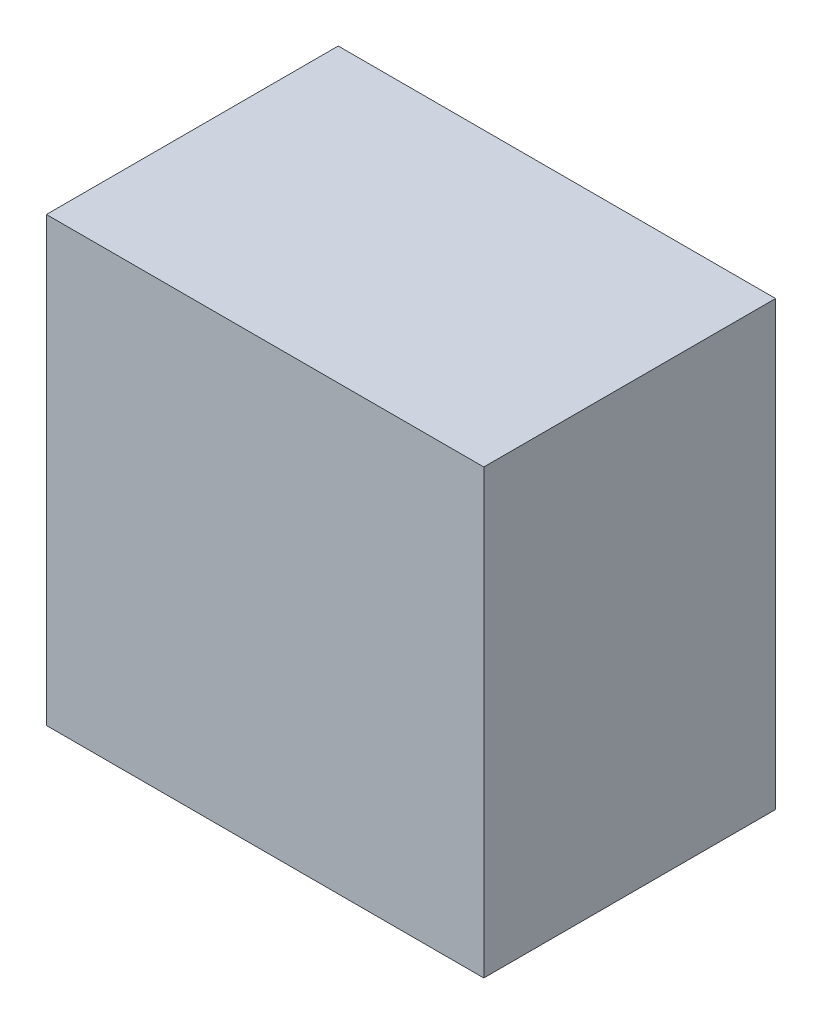
SolidWorks part; units mm, degrees
ref_plane "Front Plane" through (0, 0, 0) normal (0, 0, 1) x (1, 0, 0)
ref_plane "Top Plane" through (0, 0, 0) normal (0, 1, 0) x (1, 0, 0)
ref_plane "Right Plane" through (0, 0, 0) normal (1, 0, 0) x (0, 0, -1)
other "Configuration Table"
sketch "Sketch1" plane through (0, 0, 0) normal (0, 0, 1) x (1, 0, 0)
  line L1 (-45.5931, 23.5799) -> (29.3481, 23.5799)
  line L2 (-45.5931, 23.5799) -> (-45.5931, -52.2511)
  line L3 (-45.5931, -52.2511) -> (29.3481, -52.2511)
  line L4 (29.3481, 23.5799) -> (29.3481, -52.2511)
extrude "Boss-Extrude1" add sketch "Sketch1" along normal blind 50
sketch "Sketch2" plane through (0, 0, 50) normal (0, 0, 1) x (1, 0, 0)
  circle A0 centre (11.2129, -33.4455) radius 11.3713
sketch "Sketch3" plane through (29.3481, 0, 0) normal (1, 0, 0) x (0, 0, -1)
  line L0 (-50, -52.2511) -> (-50, 23.5799) construction
  line L1 (0, -52.2511) -> (0, 23.5799) construction
  spline S0 degree 2 poles (-50, -30.7191) (-21.2728, -1.7709) (0, -39.2363) knots 0 0 0 1 1 1
ref_plane "Plane1" through (0, 0, 25.3102) normal (0, 0, 1) x (1, 0, 0)
sketch "Sketch4" plane through (0, 0, 25.3102) normal (0, 0, 1) x (1, 0, 0)
  circle A0 centre (29.3481, -18.1303) radius 10.9629

* _YOUR ASSIGNMENT_
Reproduce exactly the lines from the one containing "line L1 (0, -52.2511)" through the last line of the records above, including both, and nothing else.

* _ANSWER BELOW_
  line L1 (0, -52.2511) -> (0, 23.5799) construction
  spline S0 degree 2 poles (-50, -30.7191) (-21.2728, -1.7709) (0, -39.2363) knots 0 0 0 1 1 1
ref_plane "Plane1" through (0, 0, 25.3102) normal (0, 0, 1) x (1, 0, 0)
sketch "Sketch4" plane through (0, 0, 25.3102) normal (0, 0, 1) x (1, 0, 0)
  circle A0 centre (29.3481, -18.1303) radius 10.9629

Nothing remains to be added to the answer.